**LISTED ENTRIES:**

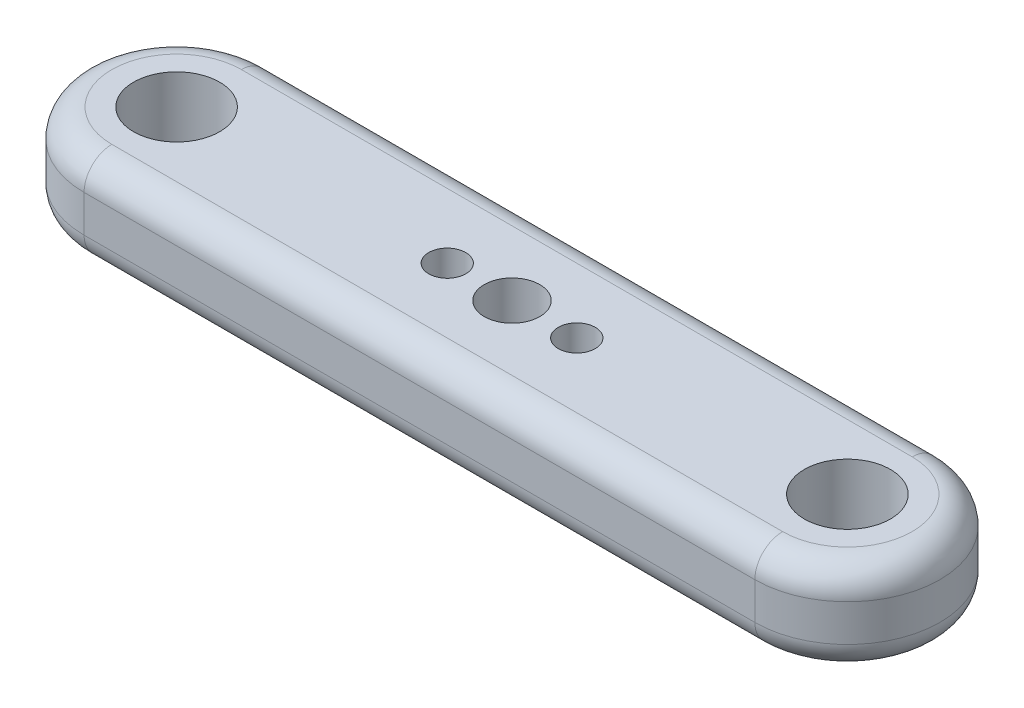
SolidWorks part; units mm, degrees
ref_plane "Front Plane" through (0, 0, 0) normal (0, 0, 1) x (1, 0, 0)
ref_plane "Top Plane" through (0, 0, 0) normal (0, 1, 0) x (1, 0, 0)
ref_plane "Right Plane" through (0, 0, 0) normal (1, 0, 0) x (0, 0, -1)
sketch "Sketch2" plane through (0, 0, 0) normal (0, 1, 0) x (1, 0, 0)
  line L4 (-36.25, 10) -> (36.25, 10)
  line L10 (36.25, -10) -> (-36.25, -10)
  arc A1 (0, -5) -> (0, 5) centre (0, 0) ccw
  circle A5 centre (0, 0) radius 5
  circle A6 centre (-36.25, 0) radius 5
  circle A7 centre (36.25, 0) radius 5
  arc A8 (-36.25, 10) -> (-36.25, -10) centre (-36.25, 0) ccw
  arc A9 (36.25, -10) -> (36.25, 10) centre (36.25, 0) ccw
  circle A10 centre (-36.25, 0) radius 10 construction
  circle A11 centre (36.25, 0) radius 10 construction
  point P3 (-19.375, 0)
  dimension "D1" = 5
  dimension "D2" = 5
extrude "Boss-Extrude1" add sketch "Sketch2" along normal blind 10 contours L10 A9 L4 A8 A5 A1 A6 A7 region at (0, 0, -9.0536)
fillet "Fillet1" radius 3 8 edges at (-46.25, 0, 0) (0, 0, 10) (46.25, 0, 0) (-46.25, 10, 0) (0, 10, 10) (46.25, 10, 0) (0, 0, -10) (0, 10, -10)
sketch "Sketch3" plane through (0, 10, 0) normal (0, 1, 0) x (1, 0, 0)
  line L0 (0, 0) -> (-6.5, 0)
  line L1 (-6.5, 0) -> (7.6495, 0)
  circle A0 centre (0, 0) radius 5
  circle M5 centre (0, 0) radius 5
extrude "Boss-Extrude2" add sketch "Sketch3" against normal blind 10 contours L0 L1 M5 | L1 L0 M5 region at (0, 10, 2.1221) region at (0, 10, -2.1221)
sketch "Sketch4" plane through (0, 10, 0) normal (0, 1, 0) x (1, 0, 0)
  line L0 (0, 0) -> (-8.2, 0)
  line L1 (0, 0) -> (8.2, 0)
  circle A0 centre (-8.2, 0) radius 1.5
  circle A1 centre (8.2, 0) radius 1.5
sketch "Sketch5" plane through (0, 10, 0) normal (0, 1, 0) x (1, 0, 0)
  circle A0 centre (-36.25, 0) radius 4.5
  circle A1 centre (-36.25, 0) radius 5
  circle A2 centre (36.25, 0) radius 5
  circle A3 centre (36.25, 0) radius 4.5
extrude "Boss-Extrude3" add sketch "Sketch5" against normal up to surface (10 mm away) up to face at (0, 0, 0)
sketch "Sketch6" plane through (0, 10, 0) normal (0, 1, 0) x (1, 0, 0)
  line L0 (7, 0) -> (-7, 0)
  circle A1 centre (-7, 0) radius 2
  circle A2 centre (7, 0) radius 2
extrude "Cut-Extrude1" cut sketch "Sketch6" against normal blind 10 contours A1 | A2 region at (-8.9434, 10, 0) region at (7, 10, -1.9434)
sketch "Sketch7" plane through (0, 10, 0) normal (0, 1, 0) x (1, 0, 0)
  circle A0 centre (0, 0) radius 3
extrude "Cut-Extrude2" cut sketch "Sketch7" against normal blind 10
sketch "Sketch8" plane through (0, 10, 0) normal (0, 1, 0) x (1, 0, 0)
  circle A0 centre (-36.25, 0) radius 4.65
  circle A1 centre (36.25, 0) radius 4.65
extrude "Cut-Extrude3" cut sketch "Sketch8" against normal blind 17

**EXERCISE PROMPT:** An exact printout of the entries is wanted, covering the first line through the line holding "circle M5 centre (0, 0) radius 5", with pictures kept out of it.

**TASK ANSWER:**
SolidWorks part; units mm, degrees
ref_plane "Front Plane" through (0, 0, 0) normal (0, 0, 1) x (1, 0, 0)
ref_plane "Top Plane" through (0, 0, 0) normal (0, 1, 0) x (1, 0, 0)
ref_plane "Right Plane" through (0, 0, 0) normal (1, 0, 0) x (0, 0, -1)
sketch "Sketch2" plane through (0, 0, 0) normal (0, 1, 0) x (1, 0, 0)
  line L4 (-36.25, 10) -> (36.25, 10)
  line L10 (36.25, -10) -> (-36.25, -10)
  arc A1 (0, -5) -> (0, 5) centre (0, 0) ccw
  circle A5 centre (0, 0) radius 5
  circle A6 centre (-36.25, 0) radius 5
  circle A7 centre (36.25, 0) radius 5
  arc A8 (-36.25, 10) -> (-36.25, -10) centre (-36.25, 0) ccw
  arc A9 (36.25, -10) -> (36.25, 10) centre (36.25, 0) ccw
  circle A10 centre (-36.25, 0) radius 10 construction
  circle A11 centre (36.25, 0) radius 10 construction
  point P3 (-19.375, 0)
  dimension "D1" = 5
  dimension "D2" = 5
extrude "Boss-Extrude1" add sketch "Sketch2" along normal blind 10 contours L10 A9 L4 A8 A5 A1 A6 A7 region at (0, 0, -9.0536)
fillet "Fillet1" radius 3 8 edges at (-46.25, 0, 0) (0, 0, 10) (46.25, 0, 0) (-46.25, 10, 0) (0, 10, 10) (46.25, 10, 0) (0, 0, -10) (0, 10, -10)
sketch "Sketch3" plane through (0, 10, 0) normal (0, 1, 0) x (1, 0, 0)
  line L0 (0, 0) -> (-6.5, 0)
  line L1 (-6.5, 0) -> (7.6495, 0)
  circle A0 centre (0, 0) radius 5
  circle M5 centre (0, 0) radius 5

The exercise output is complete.